◆ **Task brief**: Return each line of the records below in which the string "SendTx" turns up.

• • •

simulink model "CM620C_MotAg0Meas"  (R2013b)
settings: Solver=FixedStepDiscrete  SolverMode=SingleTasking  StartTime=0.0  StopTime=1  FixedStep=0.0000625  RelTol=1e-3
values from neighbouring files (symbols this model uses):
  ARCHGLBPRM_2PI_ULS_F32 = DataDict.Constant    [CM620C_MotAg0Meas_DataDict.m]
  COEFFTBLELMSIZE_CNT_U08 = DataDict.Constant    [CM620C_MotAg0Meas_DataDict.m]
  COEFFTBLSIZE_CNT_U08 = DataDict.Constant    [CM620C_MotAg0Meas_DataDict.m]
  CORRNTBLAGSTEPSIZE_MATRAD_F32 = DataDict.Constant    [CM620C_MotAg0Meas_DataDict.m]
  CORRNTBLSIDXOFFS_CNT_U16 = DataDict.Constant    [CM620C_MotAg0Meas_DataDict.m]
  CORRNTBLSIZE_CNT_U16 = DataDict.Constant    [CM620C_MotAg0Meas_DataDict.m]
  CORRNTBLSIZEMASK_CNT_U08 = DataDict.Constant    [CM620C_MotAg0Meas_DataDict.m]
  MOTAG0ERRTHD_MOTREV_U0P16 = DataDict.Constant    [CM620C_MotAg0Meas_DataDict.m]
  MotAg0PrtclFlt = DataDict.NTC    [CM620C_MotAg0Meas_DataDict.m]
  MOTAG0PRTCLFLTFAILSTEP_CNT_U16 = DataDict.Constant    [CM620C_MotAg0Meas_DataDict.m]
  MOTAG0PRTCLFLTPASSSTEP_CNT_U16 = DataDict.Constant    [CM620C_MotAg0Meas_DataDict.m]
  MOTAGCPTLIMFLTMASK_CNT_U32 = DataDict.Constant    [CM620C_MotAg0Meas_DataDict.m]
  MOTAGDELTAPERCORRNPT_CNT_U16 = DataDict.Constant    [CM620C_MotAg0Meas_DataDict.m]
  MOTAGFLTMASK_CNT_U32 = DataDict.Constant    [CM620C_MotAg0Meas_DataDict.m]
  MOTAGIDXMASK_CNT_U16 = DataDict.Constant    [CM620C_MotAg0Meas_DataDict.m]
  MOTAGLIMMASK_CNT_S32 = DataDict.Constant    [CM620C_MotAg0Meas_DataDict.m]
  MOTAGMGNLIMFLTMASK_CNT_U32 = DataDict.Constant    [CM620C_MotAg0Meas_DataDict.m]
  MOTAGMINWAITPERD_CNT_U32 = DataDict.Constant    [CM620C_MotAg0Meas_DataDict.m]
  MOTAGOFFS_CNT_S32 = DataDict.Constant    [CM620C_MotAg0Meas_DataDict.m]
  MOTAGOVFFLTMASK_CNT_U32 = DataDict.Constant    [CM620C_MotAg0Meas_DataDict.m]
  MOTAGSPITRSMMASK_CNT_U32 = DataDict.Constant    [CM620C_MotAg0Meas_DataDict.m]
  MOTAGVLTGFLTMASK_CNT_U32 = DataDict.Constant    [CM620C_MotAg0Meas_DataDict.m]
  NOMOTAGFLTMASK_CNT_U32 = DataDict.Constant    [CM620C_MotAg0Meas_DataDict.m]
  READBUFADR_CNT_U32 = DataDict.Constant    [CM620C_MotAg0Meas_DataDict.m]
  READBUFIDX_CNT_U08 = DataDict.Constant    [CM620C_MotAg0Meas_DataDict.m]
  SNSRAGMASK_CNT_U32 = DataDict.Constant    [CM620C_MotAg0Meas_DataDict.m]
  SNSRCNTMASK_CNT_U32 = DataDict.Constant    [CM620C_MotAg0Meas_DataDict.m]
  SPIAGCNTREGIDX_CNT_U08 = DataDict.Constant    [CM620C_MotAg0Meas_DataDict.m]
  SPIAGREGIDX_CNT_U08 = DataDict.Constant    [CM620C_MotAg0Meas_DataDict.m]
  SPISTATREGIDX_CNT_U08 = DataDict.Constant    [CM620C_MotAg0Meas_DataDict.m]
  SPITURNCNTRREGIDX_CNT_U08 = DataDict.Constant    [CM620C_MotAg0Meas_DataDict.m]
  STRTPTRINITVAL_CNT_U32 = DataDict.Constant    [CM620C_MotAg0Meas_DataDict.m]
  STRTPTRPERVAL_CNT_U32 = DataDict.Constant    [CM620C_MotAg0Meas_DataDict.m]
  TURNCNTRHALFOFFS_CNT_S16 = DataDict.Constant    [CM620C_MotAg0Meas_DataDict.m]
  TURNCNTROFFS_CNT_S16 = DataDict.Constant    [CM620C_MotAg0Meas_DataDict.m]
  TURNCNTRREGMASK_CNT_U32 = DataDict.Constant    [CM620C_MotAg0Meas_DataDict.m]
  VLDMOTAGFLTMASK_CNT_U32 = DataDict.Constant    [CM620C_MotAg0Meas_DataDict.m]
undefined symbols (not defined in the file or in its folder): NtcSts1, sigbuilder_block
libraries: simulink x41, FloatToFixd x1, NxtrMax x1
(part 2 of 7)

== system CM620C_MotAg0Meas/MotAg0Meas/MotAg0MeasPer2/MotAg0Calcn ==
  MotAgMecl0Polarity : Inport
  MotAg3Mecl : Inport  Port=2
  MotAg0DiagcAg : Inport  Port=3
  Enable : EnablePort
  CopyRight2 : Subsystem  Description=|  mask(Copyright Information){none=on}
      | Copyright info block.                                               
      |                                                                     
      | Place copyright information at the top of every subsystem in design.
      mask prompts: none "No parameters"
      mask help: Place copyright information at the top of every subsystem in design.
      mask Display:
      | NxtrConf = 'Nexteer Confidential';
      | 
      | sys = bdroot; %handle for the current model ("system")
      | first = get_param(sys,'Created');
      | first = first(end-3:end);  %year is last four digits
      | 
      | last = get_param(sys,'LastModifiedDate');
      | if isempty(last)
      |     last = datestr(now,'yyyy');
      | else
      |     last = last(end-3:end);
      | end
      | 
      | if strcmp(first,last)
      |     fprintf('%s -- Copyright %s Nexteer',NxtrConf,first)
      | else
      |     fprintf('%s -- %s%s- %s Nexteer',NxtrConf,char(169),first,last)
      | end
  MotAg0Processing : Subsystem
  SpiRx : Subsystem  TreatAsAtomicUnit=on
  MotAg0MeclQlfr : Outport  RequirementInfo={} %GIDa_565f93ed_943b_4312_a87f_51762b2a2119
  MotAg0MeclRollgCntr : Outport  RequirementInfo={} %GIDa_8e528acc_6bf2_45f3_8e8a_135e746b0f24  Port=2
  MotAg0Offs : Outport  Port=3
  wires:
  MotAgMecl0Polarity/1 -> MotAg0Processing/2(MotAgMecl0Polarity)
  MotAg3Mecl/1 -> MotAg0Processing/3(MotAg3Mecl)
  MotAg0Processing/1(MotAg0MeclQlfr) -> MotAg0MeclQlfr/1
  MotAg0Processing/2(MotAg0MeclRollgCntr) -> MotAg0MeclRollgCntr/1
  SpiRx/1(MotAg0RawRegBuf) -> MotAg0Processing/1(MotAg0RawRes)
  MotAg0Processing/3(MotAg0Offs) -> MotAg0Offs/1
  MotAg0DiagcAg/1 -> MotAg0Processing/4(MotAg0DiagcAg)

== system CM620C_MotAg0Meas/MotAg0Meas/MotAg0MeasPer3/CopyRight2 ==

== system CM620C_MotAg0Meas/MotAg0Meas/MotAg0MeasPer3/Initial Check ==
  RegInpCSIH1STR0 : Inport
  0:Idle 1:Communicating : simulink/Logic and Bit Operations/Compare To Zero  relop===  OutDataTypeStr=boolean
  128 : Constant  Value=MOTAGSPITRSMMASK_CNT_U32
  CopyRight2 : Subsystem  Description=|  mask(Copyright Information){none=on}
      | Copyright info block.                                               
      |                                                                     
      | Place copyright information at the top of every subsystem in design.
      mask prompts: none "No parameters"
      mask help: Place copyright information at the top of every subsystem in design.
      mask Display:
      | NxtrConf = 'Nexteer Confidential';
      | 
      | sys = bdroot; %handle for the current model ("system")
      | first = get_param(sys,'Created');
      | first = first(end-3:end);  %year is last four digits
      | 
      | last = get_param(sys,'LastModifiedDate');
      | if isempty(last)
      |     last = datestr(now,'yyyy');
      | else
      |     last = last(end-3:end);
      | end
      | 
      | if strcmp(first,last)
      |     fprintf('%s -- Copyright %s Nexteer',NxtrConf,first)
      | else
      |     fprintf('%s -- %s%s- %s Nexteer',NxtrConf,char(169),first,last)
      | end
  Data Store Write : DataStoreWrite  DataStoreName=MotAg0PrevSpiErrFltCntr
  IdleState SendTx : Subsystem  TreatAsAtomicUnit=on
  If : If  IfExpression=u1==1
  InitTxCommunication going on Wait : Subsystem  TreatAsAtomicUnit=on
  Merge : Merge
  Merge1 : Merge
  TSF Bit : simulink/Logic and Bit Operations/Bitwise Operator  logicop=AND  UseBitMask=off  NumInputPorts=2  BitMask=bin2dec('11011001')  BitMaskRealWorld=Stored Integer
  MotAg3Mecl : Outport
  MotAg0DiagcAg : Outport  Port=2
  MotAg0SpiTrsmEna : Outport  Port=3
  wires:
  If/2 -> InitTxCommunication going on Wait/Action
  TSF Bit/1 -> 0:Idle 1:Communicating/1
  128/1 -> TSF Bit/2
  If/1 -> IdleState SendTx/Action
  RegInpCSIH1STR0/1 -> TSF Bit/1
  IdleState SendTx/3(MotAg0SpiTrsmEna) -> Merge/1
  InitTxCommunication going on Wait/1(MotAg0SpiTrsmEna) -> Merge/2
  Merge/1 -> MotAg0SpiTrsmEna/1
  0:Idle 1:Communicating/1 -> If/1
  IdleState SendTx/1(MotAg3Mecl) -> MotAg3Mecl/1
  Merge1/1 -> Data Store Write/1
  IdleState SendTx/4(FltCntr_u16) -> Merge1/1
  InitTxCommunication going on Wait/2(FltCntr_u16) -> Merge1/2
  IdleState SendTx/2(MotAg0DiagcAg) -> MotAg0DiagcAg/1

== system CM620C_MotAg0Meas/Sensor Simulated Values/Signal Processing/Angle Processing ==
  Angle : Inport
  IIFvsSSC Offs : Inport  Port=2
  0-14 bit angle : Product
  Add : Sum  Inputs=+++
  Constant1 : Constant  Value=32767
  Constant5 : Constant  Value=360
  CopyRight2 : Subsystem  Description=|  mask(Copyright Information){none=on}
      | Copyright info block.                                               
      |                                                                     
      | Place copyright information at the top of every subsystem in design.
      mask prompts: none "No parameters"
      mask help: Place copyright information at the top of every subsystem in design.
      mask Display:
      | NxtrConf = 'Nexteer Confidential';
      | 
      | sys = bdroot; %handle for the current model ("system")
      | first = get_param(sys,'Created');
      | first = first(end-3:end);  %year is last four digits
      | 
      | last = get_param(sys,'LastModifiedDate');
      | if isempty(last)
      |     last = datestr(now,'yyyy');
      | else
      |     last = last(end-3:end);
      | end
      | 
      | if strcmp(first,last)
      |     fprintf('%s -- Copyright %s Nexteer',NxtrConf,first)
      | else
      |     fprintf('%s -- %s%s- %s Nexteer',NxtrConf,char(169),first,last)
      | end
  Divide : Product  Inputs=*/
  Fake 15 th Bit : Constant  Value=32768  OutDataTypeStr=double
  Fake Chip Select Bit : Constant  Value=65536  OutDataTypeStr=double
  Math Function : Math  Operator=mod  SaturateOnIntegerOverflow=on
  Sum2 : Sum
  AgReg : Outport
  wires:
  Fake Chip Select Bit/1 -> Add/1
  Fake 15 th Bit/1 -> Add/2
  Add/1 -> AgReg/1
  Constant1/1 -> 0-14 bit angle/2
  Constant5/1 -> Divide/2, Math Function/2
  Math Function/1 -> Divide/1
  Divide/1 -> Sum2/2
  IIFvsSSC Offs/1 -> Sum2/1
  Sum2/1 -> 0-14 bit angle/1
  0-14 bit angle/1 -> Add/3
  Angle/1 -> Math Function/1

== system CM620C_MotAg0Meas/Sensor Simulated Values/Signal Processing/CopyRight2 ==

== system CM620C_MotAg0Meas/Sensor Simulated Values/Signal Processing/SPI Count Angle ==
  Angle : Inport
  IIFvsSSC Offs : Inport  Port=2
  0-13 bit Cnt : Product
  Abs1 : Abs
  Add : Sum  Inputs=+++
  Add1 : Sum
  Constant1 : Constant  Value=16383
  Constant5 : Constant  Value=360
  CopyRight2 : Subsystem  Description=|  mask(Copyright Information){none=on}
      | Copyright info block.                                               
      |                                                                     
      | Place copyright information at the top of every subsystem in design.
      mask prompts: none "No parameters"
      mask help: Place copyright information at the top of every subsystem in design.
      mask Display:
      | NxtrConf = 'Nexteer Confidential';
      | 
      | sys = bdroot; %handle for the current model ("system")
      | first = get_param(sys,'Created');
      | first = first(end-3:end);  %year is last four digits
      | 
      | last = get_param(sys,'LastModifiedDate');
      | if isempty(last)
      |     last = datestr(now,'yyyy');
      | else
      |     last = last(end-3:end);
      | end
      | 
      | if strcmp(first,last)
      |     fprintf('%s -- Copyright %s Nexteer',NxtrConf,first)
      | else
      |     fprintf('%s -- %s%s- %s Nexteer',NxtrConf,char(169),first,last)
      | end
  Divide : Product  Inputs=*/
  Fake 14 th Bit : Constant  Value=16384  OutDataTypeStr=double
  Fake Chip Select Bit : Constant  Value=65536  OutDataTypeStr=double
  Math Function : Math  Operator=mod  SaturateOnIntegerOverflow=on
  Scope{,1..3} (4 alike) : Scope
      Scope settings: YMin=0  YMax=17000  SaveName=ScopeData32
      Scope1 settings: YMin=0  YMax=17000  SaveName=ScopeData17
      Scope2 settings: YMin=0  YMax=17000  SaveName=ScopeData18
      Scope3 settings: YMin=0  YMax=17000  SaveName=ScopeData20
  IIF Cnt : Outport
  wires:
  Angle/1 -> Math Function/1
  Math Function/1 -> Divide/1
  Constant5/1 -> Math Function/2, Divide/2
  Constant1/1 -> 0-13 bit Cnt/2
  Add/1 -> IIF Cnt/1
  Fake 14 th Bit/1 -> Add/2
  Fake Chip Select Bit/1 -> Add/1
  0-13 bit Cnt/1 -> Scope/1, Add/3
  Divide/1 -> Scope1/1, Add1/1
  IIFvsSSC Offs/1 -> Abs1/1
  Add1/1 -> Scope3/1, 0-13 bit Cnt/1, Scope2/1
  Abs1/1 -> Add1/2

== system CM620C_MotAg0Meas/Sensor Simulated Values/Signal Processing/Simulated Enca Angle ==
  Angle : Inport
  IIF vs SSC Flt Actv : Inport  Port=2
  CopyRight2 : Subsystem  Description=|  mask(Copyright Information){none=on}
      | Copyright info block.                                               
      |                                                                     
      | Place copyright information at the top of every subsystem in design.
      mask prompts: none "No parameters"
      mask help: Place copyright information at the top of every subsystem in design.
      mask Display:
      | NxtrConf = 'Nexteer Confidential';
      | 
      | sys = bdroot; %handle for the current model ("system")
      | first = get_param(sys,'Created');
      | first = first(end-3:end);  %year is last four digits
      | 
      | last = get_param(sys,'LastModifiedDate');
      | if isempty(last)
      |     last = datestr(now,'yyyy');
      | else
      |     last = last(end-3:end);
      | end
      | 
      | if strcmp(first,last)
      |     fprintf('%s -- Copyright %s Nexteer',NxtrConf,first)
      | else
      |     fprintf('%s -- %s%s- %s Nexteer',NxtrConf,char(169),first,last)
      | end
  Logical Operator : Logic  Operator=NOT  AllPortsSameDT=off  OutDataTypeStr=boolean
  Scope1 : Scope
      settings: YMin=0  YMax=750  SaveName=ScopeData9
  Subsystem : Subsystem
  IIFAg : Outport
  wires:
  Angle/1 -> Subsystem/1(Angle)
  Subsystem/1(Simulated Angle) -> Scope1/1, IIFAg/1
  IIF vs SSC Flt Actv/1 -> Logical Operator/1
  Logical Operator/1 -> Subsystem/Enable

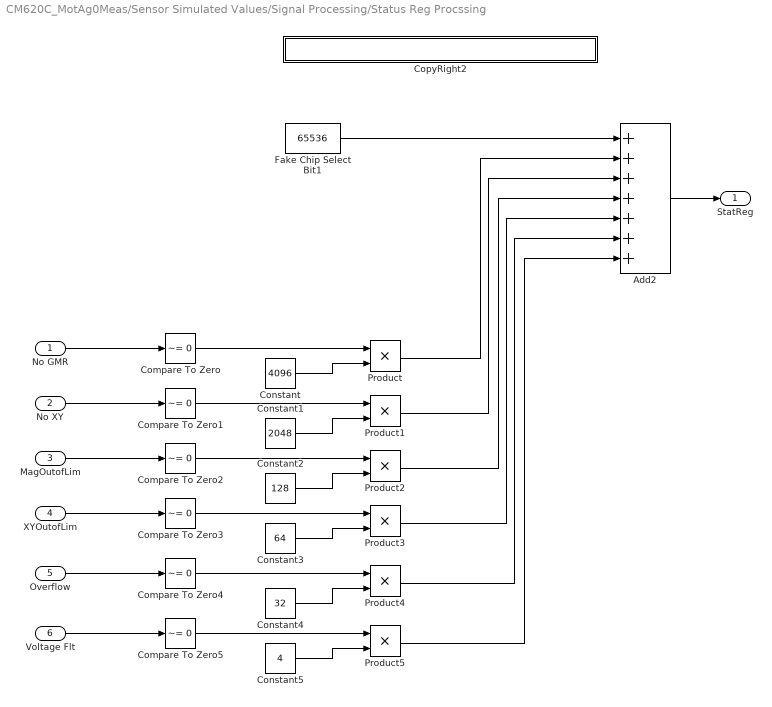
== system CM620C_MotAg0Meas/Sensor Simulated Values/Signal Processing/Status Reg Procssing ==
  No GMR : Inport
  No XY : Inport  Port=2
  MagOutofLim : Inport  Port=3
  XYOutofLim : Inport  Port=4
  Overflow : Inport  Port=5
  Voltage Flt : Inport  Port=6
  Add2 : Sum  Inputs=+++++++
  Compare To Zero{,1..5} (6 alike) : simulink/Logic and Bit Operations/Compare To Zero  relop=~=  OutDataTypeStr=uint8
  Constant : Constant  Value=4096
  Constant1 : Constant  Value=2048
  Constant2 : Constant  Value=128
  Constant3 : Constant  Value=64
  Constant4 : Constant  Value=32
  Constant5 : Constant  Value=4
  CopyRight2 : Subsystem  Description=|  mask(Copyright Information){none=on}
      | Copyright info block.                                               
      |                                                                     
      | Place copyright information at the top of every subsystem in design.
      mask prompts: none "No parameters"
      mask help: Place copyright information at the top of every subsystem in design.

• • •

◆ **Answer space**:
  IdleState SendTx : Subsystem  TreatAsAtomicUnit=on
  If/1 -> IdleState SendTx/Action
  IdleState SendTx/3(MotAg0SpiTrsmEna) -> Merge/1
  IdleState SendTx/1(MotAg3Mecl) -> MotAg3Mecl/1
  IdleState SendTx/4(FltCntr_u16) -> Merge1/1
  IdleState SendTx/2(MotAg0DiagcAg) -> MotAg0DiagcAg/1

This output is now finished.